P.P.S On the internet, there is yet more confusion: for example, this document (which pops high in the Google results) has yet a different formula, shown in a slightly different form here  as  well.

Disclaimer. I have a forthcoming paper on the same topic (asylum policy) as the EUP article mentioned above.

# When ‘just looking’ beats regression

In a draft paper currently under review I argue that the institutionalization of a common EU asylum policy has not led to a race to the bottom with respect to asylum applications, refugee status grants, and some other indicators. The graph below traces the number of asylum applications lodged in 29 European countries since 1997:

My conclusion is that there is no evidence in support of the theoretical expectation of a race to the bottom (an ever-declining rate of registered applications). One of the reviewers insists that I use a regression model to quantify the change and to estimate the uncertainly of the conclusion. While in general I couldn’t agree more that being open about the uncertainty of your inferences is a fundamental part of scientific practice, in this particular case I refused to fit a regression model and calculate standards errors or confidence intervals. Why?

In my opinion, just looking at the graph is convincing that there is no race to the bottom – applications rates have been down and then up again while the institutionalization of a common EU policy has only strengthened over the last decade. Calculating standard errors will be superficial because it is hard to think about the yearly averages as samples from some underlying population. Estimating a regression which would quantify the EU effect would only work if the model is sufficiently good to capture the fundamental dynamics of asylum applications before isolating the EU effect, and there is no such model. But most importantly, I just didn’t feel that a regression coefficient or a standard error will improve on the inference you get by just looking at the graph: applications have been all over the place since the late 1990s and you don’t need a confidence interval to see that! But the issue has bugged me ever since – after all, the reviewer was just asking for what would be the standard way of approaching an empirical question.
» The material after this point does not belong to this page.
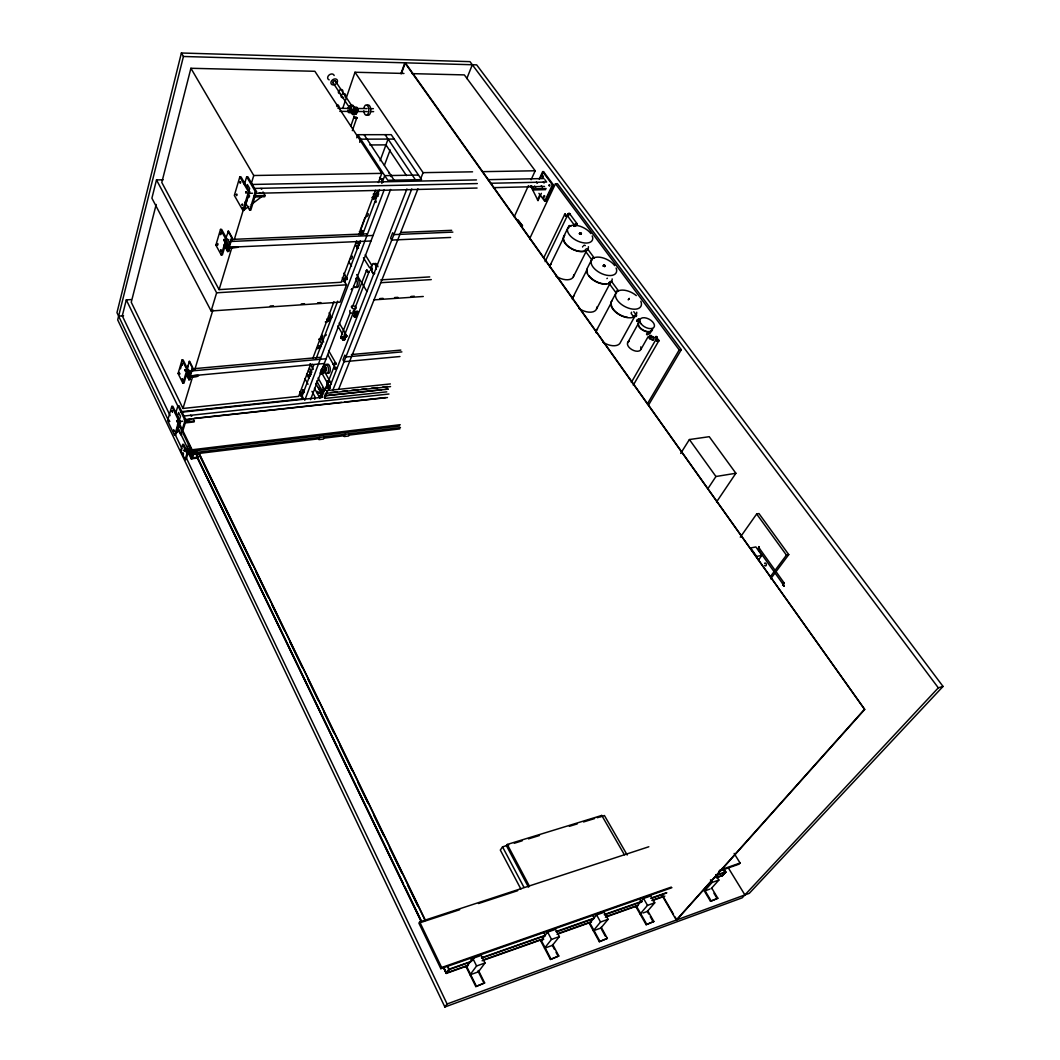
<?xml version="1.0" encoding="UTF-8"?>
<svg xmlns="http://www.w3.org/2000/svg" width="1060" height="1060" viewBox="0 0 1060 1060"><rect width="100%" height="100%" fill="white"/><g stroke="black" fill="none" stroke-linecap="round" stroke-linejoin="round"><path stroke-width="1.5" d="M260.853 188.428L261.648 189.25L262.019 188.508M346.832 279.509L346.554 277.998L345.6 278.118A1.418 0.689 86 0 1 346.395 277.786A1.418 0.689 86 0 1 346.845 279.337M189.448 363.05L189.753 362.308L190.19 363.024M782.585 583.596L784.003 582.788L782.611 583.636L758.046 549.226L758.549 548.471L759.397 548.338L783.976 582.748L782.585 583.596L783.896 582.735M370.51 268.167C371.146 265.066 372.908 271.148 370.881 269.717A1.458 0.729 86.3 0 0 371.822 269.452A1.458 0.729 86.3 0 0 371.437 267.345A1.458 0.729 86.3 0 0 370.47 268.18L370.55 268.723M181.393 53L183.433 56.485L476.669 64.872L943.029 686.443L938.312 687.834L469.991 61.639L181.393 53L116.971 312.647L167.785 419.071M183.433 56.485L117.686 319.881L444.869 1007L742.172 897.833L938.312 687.834M131.201 299.582L126.299 299.887L122.284 315.867L170.103 415.613M163.121 179.802L156.496 179.922L151.898 198.194L211.125 310.977L339.995 302.18L346.527 284.809L342.287 277.76M156.178 204.474L131.255 302.259L182.982 408.458L298.668 396.36L310.62 364.296M378.367 182.559L381.799 173.363L314.873 71.285L190.906 68.277L161.796 182.466L219.089 289.618L341.201 282.252L356.637 240.845M178.08 373.491L182.055 359.976L183.102 359.897L187.991 369.675L183.95 383.163L182.903 383.269L178.08 373.491L179.127 373.398M215.882 245.112L220.506 229.41L221.619 229.357L227.078 239.255L222.375 254.943L221.262 254.996L215.882 245.112L216.982 245.059M180.452 368.893L181.777 364.388M171.799 406.391L167.573 420.634L174.569 435.302L175.589 435.183L179.922 420.979L172.82 406.285L171.799 406.391L178.888 421.098L174.569 435.302M239.838 176.874L234.34 195.424L242.859 210.383L243.999 210.357L249.643 191.807L240.991 176.848L239.838 176.874L248.504 191.833L242.859 210.383M186.838 368.84L189.607 361.301L192.827 367.74L189.21 379.718L186.136 374.617M226.151 237.307L228.549 231.093L232.166 237.612L227.966 251.538L223.832 245.059M182.903 383.269L186.944 369.768L182.055 359.976M187.355 368.787L188.256 365.793M221.262 254.996L225.965 239.295L220.506 229.41M175.562 413.652L177.934 405.755L178.954 405.649L186.083 420.303L183.168 429.764M244.37 184.466L246.675 176.755L247.815 176.742L256.507 191.648L250.809 210.145L249.683 210.185L245.006 202.049M188.23 374.061L189.356 370.311M226.933 245.337L228.682 239.534M189.395 376.406C211.404 372.126 186.666 382.806 187.289 372.153M228.244 247.709L237.864 247.272L228.099 248.159L225.091 241.985M246.635 187.037L247.377 184.573L249.683 188.534L248.557 192.244M188.693 379.772L192.31 367.793L189.077 361.341M227.41 251.565L231.623 237.625L228.006 231.12M177.908 418.793L178.186 417.852M211.125 310.977L216.624 292.798L156.496 179.922M177.749 425.365L179.034 421.138L180.16 423.483L180.452 422.542L177.431 416.288L178.583 412.499L180.465 416.394L179.312 420.197M182.982 408.458L192.96 375.611M194.868 369.344L212.927 309.918M219.089 289.618L231.915 247.417M234.286 239.6L243.31 209.906M251.379 183.327L253.751 175.51L190.906 68.277M175.615 432.4L175.986 433.182L179.405 421.92M243.349 209.39L243.8 210.185L248.265 195.517M178.252 428.743L179.259 425.458M249.564 195.875L249.179 197.107L247.802 194.722M181.71 434.481L180.69 434.6L185.049 420.423L177.934 405.755M249.683 210.185L255.367 191.674L246.675 176.755M180.756 450.579L182.651 444.484L183.685 444.365L188.004 453.389L186.083 459.47L185.049 459.603L180.756 450.579L181.777 450.46M193.278 418.673L194.112 421.946L184.811 422.966M262.986 191.94L265.079 195.49L264.695 196.723L253.83 196.988M191.211 458.834L186.904 449.851L188.812 443.756L193.159 452.752L191.211 458.834L198.233 457.96L196.683 453.19M185.049 459.603L186.971 453.508L182.651 444.484M188.68 450.46L189.727 447.188M182.797 421.204L178.491 421.681L192.098 449.771L190.601 454.462L177.802 427.803M192.244 458.715L194.179 452.633L192.946 450.063M195.716 453.839L196.762 450.566M342.857 108.001L355.007 72.252L403.966 73.445M350.781 126.233L354.014 116.891M352.344 130.632L356.677 118.177M356.756 137.813L357.843 134.7L391.233 134.673L421.575 179.644L387.788 180.306L357.843 134.7M359.671 142.265L360.771 139.165L394.201 139.072M400.918 73.643L404.854 62.818L864.708 709.471L405.317 62.831L401.382 73.657M380.076 160.762L388.079 139.085M360.241 230.219L364.852 217.856M384.409 165.333L390.173 149.884M312.899 358.187L333.953 301.689M358.929 234.71L375.505 190.23M300.642 395.87L302.895 389.855L303.822 389.749L302.127 394.267M358.783 243.164L359.287 243.972L357.406 248.968L356.915 248.173L358.783 243.164L360.44 243.098M301.676 397.235L313.866 364.693M316.198 358.492L337.676 301.159M344.646 282.57L360.334 240.726M362.652 234.525L379.493 189.594M381.825 183.393L384.727 175.642L418.475 175.046M304.763 400.269L384.276 189.607M310.527 399.66L390.583 189.462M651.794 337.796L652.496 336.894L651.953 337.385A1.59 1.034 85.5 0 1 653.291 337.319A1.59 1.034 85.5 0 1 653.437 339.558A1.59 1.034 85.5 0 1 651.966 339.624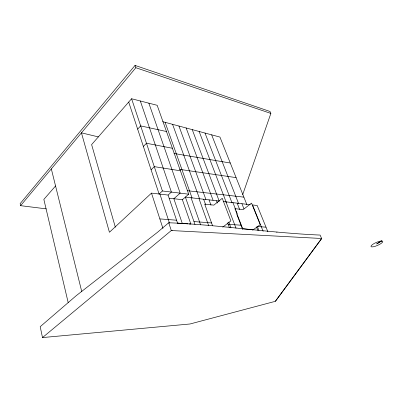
<?xml version="1.0" encoding="UTF-8"?>
<svg xmlns="http://www.w3.org/2000/svg" width="403" height="403" viewBox="0 0 403 403"><rect width="100%" height="100%" fill="white"/><g stroke="black" fill="none" stroke-linecap="round" stroke-linejoin="round"><path stroke-width="0.6" d="M242.697 194.614L270.866 113.414L269.99 111.47L135.045 65.412L20.15 203.641L20.588 205.671L46.199 208.855M275.37 301.313L321.624 238.49L320.098 235.07C269.466 232.939 219.343 224.763 168.721 222.763L157.558 232.239L76.222 295.686L40.204 326.687L42.501 337.573L190.009 323.987L275.37 301.313L321.735 238.495L171.295 230.541L42.506 337.588M20.588 205.671L135.851 67.719L135.045 65.412M55.614 185.909L43.851 199.404L68.178 302.562M169.179 198.211L182.373 199.692L188.7 194.196L157.17 105.304L131.595 98.75L91.617 144.606L115.354 227.227M137.65 129.141L140.667 125.897L166.469 131.524M143.372 146.445L146.465 143.251L172.408 148.269M151.08 169.759L154.278 166.641L180.398 170.796M140.32 100.987L171.401 192.075L168.081 195.062L151.483 193.118L109.425 232.259L81.441 132.839L98.413 136.914M188.7 194.196L162.414 190.977L159.099 194.009L128.698 102.075M222.688 227.181L230.869 220.904L222.26 198.291L213.867 205.127L204.699 204.125L212.577 225.725M252.621 230.189L260.217 224.667L251.543 203.137L243.19 209.57L234.929 208.683L242.878 229.181M381.298 240.979L376.694 243.966L381.681 240.964M172.288 230.592L171.295 230.541L168.721 222.763M177.587 223.111L187.803 223.861M189.027 223.947L190.861 224.083L182.373 199.692M159.855 218.9L176.569 220.204M193.964 221.559L211.686 222.945M227.957 224.214L241.135 225.242M266.01 227.181L257.351 226.506L258.933 230.476M243.276 228.894L253.235 229.831M187.158 190.684L243.88 197.138M219.257 201.062L185.37 197.087L194.987 224.476M223.161 201.52L250.253 204.694M179.597 169.361L236.103 177.612M173.97 153.472L230.289 163.029M162.696 121.671L219.937 137.07L246.868 204.623M135.851 67.719L270.866 113.414M267.859 231.73L257.195 205.505L252.52 204.956L263.159 231.357M256.399 226.813L257.764 230.239M241.926 203.716L243.951 208.855M211.646 134.839L238.697 203.802M237.171 203.157L239.644 209.495M232.969 202.669L235.664 209.625M236.113 210.789L237.236 213.686M236.843 214.456L242.621 229.367M205.001 133.05L232.057 202.926M199.137 131.474L226.259 202.336M225.962 201.848L236.027 228.254M228.763 222.033L230.954 227.856M227.569 222.829L229.327 227.488M192.231 129.615L219.192 201.057M216.476 200.734L217.343 203.062M186.131 127.973L213.066 200.246M209.041 199.863L210.991 205.162M178.942 126.038L205.913 199.515M203.651 199.233L205.545 204.447M172.59 124.331L199.586 198.865M198.991 198.684L208.628 225.529M165.104 122.321L192.04 197.913M191.047 197.752L200.613 224.894M148.853 103.173L180.171 193.153L173.854 198.734L182.292 223.453M168.081 195.062L177.733 223.655M131.595 98.75L162.414 190.977M159.905 194.105L169.482 223.146M151.483 193.118L162.953 228.446M51.322 168.887L81.804 291.787M277.032 232.037A2.201 0.69 -20.2 0 1 276.7 232.289M381.505 240.959L380.966 241.009A6.463 1.612 -23.6 0 0 371.234 245.684A6.463 1.612 -23.6 0 0 377.601 245.387A6.463 1.612 -23.6 0 0 381.958 240.964L381.505 240.959"/></g></svg>

Then two days ago I read this blog post by William M. Briggs who (unlike myself) is a professional statistician. After showing that by manipulating the start and end points of a time series you can get any regression coefficient that you want even with randomly generated data, he concludes ‘The lesson is, of course, that straight lines should not be fit to time series.’  But here is the real punch line:

If we want to know if there has been a change from the start to the end dates, all we have to do is look! I’m tempted to add a dozen more exclamation points to that sentence, it is that important. We do not have to model what we can see. No statistical test is needed to say whether the data has changed. We can just look.

But what about hypothesis testing? We need a statistical test to refute a hypothesis, right? Let me quote some more:

It is true that you can look at the data and ponder a “null hypothesis” of “no change” and then fit a model to kill off this straw man. But why? If the model you fit is any good, it will be able to skillfully predict new data…. And if it’s a bad model, why clutter up the picture with spurious, misleading lines?

In the inimitable prose of Prof. Briggs, ‘if you want to claim that the data has gone up, down, did a swirl, or any other damn thing, just look at it!’